Shares of the online pet store witnessed a gain of 19.77% over the previous month, beating the performance of the Retail-Wholesale sector with its gain of 9.54% and the S&P 500's gain of 11.54%.
The investment community will be paying close attention to the earnings performance of Chewy in its upcoming release. The company's earnings per share (EPS) are projected to be $0.34, reflecting a 9.68% increase from the same quarter last year. At the same time, our most recent consensus estimate is projecting a revenue of $3.07 billion, reflecting a 6.85% rise from the equivalent quarter last year.
For the full year, the Zacks Consensus Estimates project earnings of $1.23 per share and a revenue of $12.4 billion, demonstrating changes of +18.27% and +4.52%, respectively, from the preceding year.
Furthermore, it would be beneficial for investors to monitor any recent shifts in analyst projections for Chewy. These latest adjustments often mirror the shifting dynamics of short-term business patterns. As a result, we can interpret positive estimate revisions as a good sign for the company's business outlook.

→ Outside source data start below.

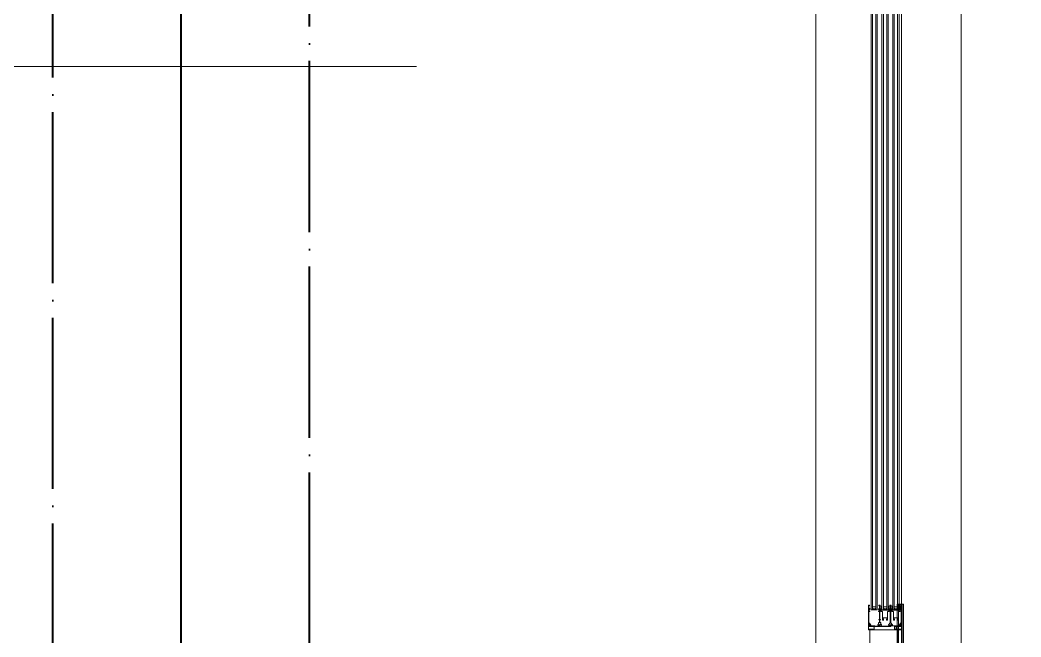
# Model space of a CAD drawing. Header units: centimetres. Extents: x 405464 to 563355, y 50011 to 66875.
# Drawn here: x 518019.2 to 518370.2, y 55194.4 to 55410.6 of the extents above; entities that cross this region are included whole.
import ezdxf
from ezdxf.enums import TextEntityAlignment as Align

# ---------------------------------------------------------------- set-up
doc = ezdxf.new("R2010")
doc.units = ezdxf.units.CM
doc.linetypes.add('DASHDOT', pattern=[25.4, 12.7, -6.35, 0, -6.35])
doc.linetypes.add('SOGUKSU1', pattern=[72, 60, -6, 0, -6])
doc.layers.get('0').update_dxf_attribs({"lineweight": 9})
for name, color, linetype, lineweight in [('0-KRCN-MİMARİ-220526', 8, 'Continuous', 9), ('0-KRCN-SHT-PROSES-BORU', 1, '0-Y_LINE', 40), ('0-KRCN-SHT-SOGUKSU', 141, 'SOGUKSU1', 40), ('A_Aks', 30, 'DASHDOT', 9), ('A_Pencere Doğrama-Ex', 140, 'Continuous', 15), ('G_0.09', 254, 'Continuous', 9), ('M00_Mahal_No$0$MH_Alan', 51, 'Continuous', 9), ('PN_Aluminyum', 150, 'Continuous', 15)]:
    doc.layers.add(name, color=color, linetype=linetype, lineweight=lineweight)
doc.styles.add('BORU', font='AGENCYR.TTF')
doc.styles.add('M00_Mahal_No$0$Kalin01', font='swissk.ttf')
doc.styles.add('M00_Mahal_No$0$Normal', font='swiss.ttf')
doc.styles.add('MAHAL', font='swissc.ttf')
doc.linetypes.add('0-Y_LINE', pattern='A,100,-0.5,["Y",BORU,S=9,R=0,X=0,Y=-4.5],-5', length=105.5)

# ---------------------------------------------------------------- blocks, each defined once
blk = doc.blocks.new('1_etap')
at = {"color": 8}
for p, q in [((1428.46, 2886.08), (1428.46, 2877.72)), ((1428.65, 2886.1), (1428.49, 2886.1)), ((1428.64, 2885.78), (1428.78, 2885.91)), ((1428.64, 2884.93), (1428.64, 2885.78)), ((1428.78, 2885.99), (1428.67, 2886.09)), ((1428.77, 2885.03), (1428.77, 2884.93)), ((1428.84, 2885.06), (1428.79, 2885.06)), ((1428.89, 2884.68), (1428.89, 2885.01)), ((1432.14, 2885.99), (1432.25, 2886.09)), ((1432.28, 2885.78), (1432.14, 2885.91)), ((1432.27, 2886.1), (1432.46, 2886.1)), ((1432.28, 2884.93), (1432.28, 2885.78)), ((1432.59, 2885.91), (1432.46, 2885.78)), ((1432.46, 2884.93), (1432.46, 2885.78)), ((1432.48, 2886.09), (1432.59, 2885.99)), ((1432.95, 2883.95), (1432.95, 2885.75)), ((1433, 2885.8), (1433.13, 2885.8)), ((1433.16, 2885.77), (1433.16, 2884.44)), ((1435.39, 2884.44), (1435.39, 2885.77)), ((1435.42, 2885.8), (1435.54, 2885.8)), ((1435.59, 2885.75), (1435.59, 2883.95)), ((1435.95, 2885.99), (1436.06, 2886.09)), ((1436.09, 2885.78), (1435.95, 2885.91)), ((1436.08, 2886.1), (1436.28, 2886.1)), ((1436.09, 2885.78), (1436.09, 2884.93)), ((1436.41, 2885.91), (1436.27, 2885.78)), ((1436.27, 2885.78), (1436.27, 2884.93)), ((1436.3, 2886.09), (1436.41, 2885.99)), ((1436.77, 2883.95), (1436.77, 2885.75)), ((1436.82, 2885.8), (1436.94, 2885.8)), ((1436.97, 2885.77), (1436.97, 2884.44)), ((1439.2, 2884.44), (1439.2, 2885.77)), ((1439.23, 2885.8), (1439.35, 2885.8)), ((1439.4, 2885.75), (1439.4, 2883.95)), ((1439.66, 2884.68), (1439.66, 2885.01)), ((1439.71, 2885.06), (1439.75, 2885.06)), ((1439.77, 2885.99), (1439.88, 2886.09)), ((1439.9, 2885.78), (1439.77, 2885.91)), ((1439.78, 2885.03), (1439.78, 2884.93)), ((1439.9, 2886.1), (1440.06, 2886.1)), ((1439.9, 2884.93), (1439.9, 2885.78)), ((1440.08, 2886.08), (1440.08, 2877.72)), ((1428.64, 2884.09), (1428.64, 2884.76)), ((1428.64, 2879.86), (1428.64, 2883.92)), ((1428.74, 2884.91), (1428.67, 2884.91)), ((1428.67, 2884.79), (1428.74, 2884.79)), ((1428.74, 2884.06), (1428.67, 2884.06)), ((1428.67, 2883.94), (1428.84, 2883.94)), ((1428.77, 2884.76), (1428.77, 2884.66)), ((1428.77, 2884.19), (1428.77, 2884.09)), ((1428.79, 2884.63), (1428.84, 2884.63)), ((1428.84, 2884.21), (1428.79, 2884.21)), ((1428.89, 2883.99), (1428.89, 2884.16)), ((1432.03, 2884.68), (1432.03, 2884.91)), ((1432.03, 2884.91), (1432.25, 2884.91)), ((1432.03, 2883.99), (1432.03, 2884.16)), ((1432.13, 2884.63), (1432.08, 2884.63)), ((1432.08, 2884.21), (1432.13, 2884.21)), ((1432.25, 2883.94), (1432.08, 2883.94)), ((1432.15, 2884.76), (1432.15, 2884.66)), ((1432.15, 2884.19), (1432.15, 2884.09)), ((1432.25, 2884.79), (1432.18, 2884.79)), ((1432.18, 2884.06), (1432.25, 2884.06)), ((1432.28, 2884.09), (1432.28, 2884.76)), ((1432.28, 2881.13), (1432.28, 2883.92)), ((1432.46, 2884.09), (1432.46, 2884.76)), ((1432.46, 2881.14), (1432.46, 2883.92)), ((1432.7, 2884.91), (1432.48, 2884.91)), ((1432.48, 2884.79), (1432.56, 2884.79)), ((1432.56, 2884.07), (1432.48, 2884.07)), ((1432.48, 2883.95), (1432.65, 2883.95)), ((1432.58, 2884.76), (1432.58, 2884.66)), ((1432.58, 2884.19), (1432.58, 2884.09)), ((1432.61, 2884.64), (1432.65, 2884.64)), ((1432.65, 2884.22), (1432.61, 2884.22)), ((1432.7, 2884.69), (1432.7, 2884.91)), ((1432.7, 2884), (1432.7, 2884.17)), ((1433.38, 2883.9), (1433, 2883.9)), ((1433.18, 2884.4), (1434.18, 2884.4)), ((1433.38, 2880.92), (1433.38, 2883.9)), ((1434.94, 2881.72), (1433.6, 2881.72)), ((1433.6, 2881.72), (1433.6, 2881.24)), ((1434.2, 2884.38), (1434.2, 2884.36)), ((1434.22, 2884.34), (1434.33, 2884.34)), ((1434.35, 2884.36), (1434.35, 2884.38)), ((1434.37, 2884.4), (1435.36, 2884.4)), ((1434.94, 2881.53), (1434.94, 2881.72)), ((1434.97, 2881.47), (1434.94, 2881.52)), ((1434.94, 2881.42), (1434.97, 2881.47)), ((1435.54, 2883.9), (1435.16, 2883.9)), ((1435.16, 2883.9), (1435.16, 2880.92)), ((1436.06, 2884.91), (1435.84, 2884.91)), ((1435.84, 2884.91), (1435.84, 2884.69)), ((1435.84, 2884.17), (1435.84, 2884)), ((1435.89, 2884.64), (1435.94, 2884.64)), ((1435.94, 2884.22), (1435.89, 2884.22)), ((1435.89, 2883.95), (1436.06, 2883.95)), ((1435.96, 2884.66), (1435.96, 2884.76)), ((1435.96, 2884.09), (1435.96, 2884.19)), ((1435.99, 2884.79), (1436.06, 2884.79)), ((1436.06, 2884.07), (1435.99, 2884.07)), ((1436.09, 2884.76), (1436.09, 2884.09)), ((1436.09, 2883.92), (1436.09, 2879.86)), ((1436.27, 2884.76), (1436.27, 2884.09)), ((1436.27, 2883.92), (1436.27, 2879.86)), ((1436.29, 2884.91), (1436.51, 2884.91)), ((1436.37, 2884.79), (1436.29, 2884.79)), ((1436.29, 2884.07), (1436.37, 2884.07)), ((1436.46, 2883.95), (1436.29, 2883.95)), ((1436.39, 2884.66), (1436.39, 2884.76)), ((1436.39, 2884.09), (1436.39, 2884.19)), ((1436.46, 2884.64), (1436.42, 2884.64)), ((1436.42, 2884.22), (1436.46, 2884.22)), ((1436.51, 2884.91), (1436.51, 2884.69)), ((1436.51, 2884.17), (1436.51, 2884)), ((1437.2, 2883.9), (1436.82, 2883.9)), ((1437, 2884.4), (1437.99, 2884.4)), ((1437.2, 2880.92), (1437.2, 2883.9)), ((1438.76, 2881.72), (1437.42, 2881.72)), ((1437.42, 2881.72), (1437.42, 2881.24)), ((1438.01, 2884.38), (1438.01, 2884.36)), ((1438.03, 2884.34), (1438.14, 2884.34)), ((1438.16, 2884.36), (1438.16, 2884.38)), ((1438.18, 2884.4), (1439.17, 2884.4)), ((1438.76, 2881.53), (1438.76, 2881.72)), ((1438.79, 2881.47), (1438.76, 2881.52)), ((1438.76, 2881.42), (1438.79, 2881.47)), ((1439.35, 2883.9), (1438.98, 2883.9)), ((1438.98, 2883.9), (1438.98, 2880.92)), ((1439.66, 2883.99), (1439.66, 2884.16)), ((1439.75, 2884.63), (1439.71, 2884.63)), ((1439.71, 2884.21), (1439.75, 2884.21)), ((1439.88, 2883.94), (1439.71, 2883.94)), ((1439.78, 2884.76), (1439.78, 2884.66)), ((1439.78, 2884.19), (1439.78, 2884.09)), ((1439.8, 2884.91), (1439.88, 2884.91)), ((1439.88, 2884.79), (1439.8, 2884.79)), ((1439.8, 2884.06), (1439.88, 2884.06)), ((1439.9, 2884.09), (1439.9, 2884.76)), ((1439.9, 2879.86), (1439.9, 2883.92)), ((1428.64, 2878.68), (1428.64, 2879.46)), ((1428.65, 2879.03), (1428.65, 2878.79)), ((1428.66, 2878.77), (1428.74, 2878.69)), ((1428.87, 2879.83), (1428.67, 2879.83)), ((1428.67, 2879.48), (1428.76, 2879.48)), ((1429.54, 2878.66), (1428.67, 2878.66)), ((1428.78, 2879.06), (1428.68, 2879.06)), ((1428.76, 2878.68), (1429.58, 2878.68)), ((1428.8, 2878.89), (1428.8, 2879.03)), ((1429.59, 2878.86), (1428.83, 2878.86)), ((1428.92, 2879.79), (1428.89, 2879.83)), ((1428.93, 2879.63), (1428.93, 2879.77)), ((1429.07, 2879.18), (1429.18, 2879.18)), ((1429.23, 2879.23), (1429.23, 2879.28)), ((1429.64, 2878.84), (1429.6, 2878.86)), ((1429.68, 2878.86), (1429.64, 2878.84)), ((1430.68, 2878.86), (1429.69, 2878.86)), ((1429.7, 2878.68), (1430.48, 2878.68)), ((1430.22, 2878.66), (1429.74, 2878.66)), ((1430.38, 2878.57), (1430.23, 2878.66)), ((1430.4, 2877.81), (1430.4, 2878.55)), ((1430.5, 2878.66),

Based on our research, we believe these estimate revisions are directly related to near-team stock moves. To exploit this, we've formed the Zacks Rank, a quantitative model that includes these estimate changes and presents a viable rating system.
Ranging from #1 (Strong Buy) to #5 (Strong Sell), the Zacks Rank system has a proven, outside-audited track record of outperformance, with #1 stocks returning an average of +25% annually since 1988. Over the past month, the Zacks Consensus EPS estimate remained stagnant. At present, Chewy boasts a Zacks Rank of #2 (Buy).
In terms of valuation, Chewy is currently trading at a Forward P/E ratio of 30.72. For comparison, its industry has an average Forward P/E of 23.97, which means Chewy is trading at a premium to the group.
We can additionally observe that CHWY currently boasts a PEG ratio of 3.25. This popular metric is similar to the widely-known P/E ratio, with the difference being that the PEG ratio also takes into account the company's expected earnings growth rate. The average PEG ratio for the Internet - Commerce industry stood at 1.43 at the close of the market yesterday.
The Internet - Commerce industry is part of the Retail-Wholesale sector. This industry, currently bearing a Zacks Industry Rank of 61, finds itself in the top 25% echelons of all 250+ industries.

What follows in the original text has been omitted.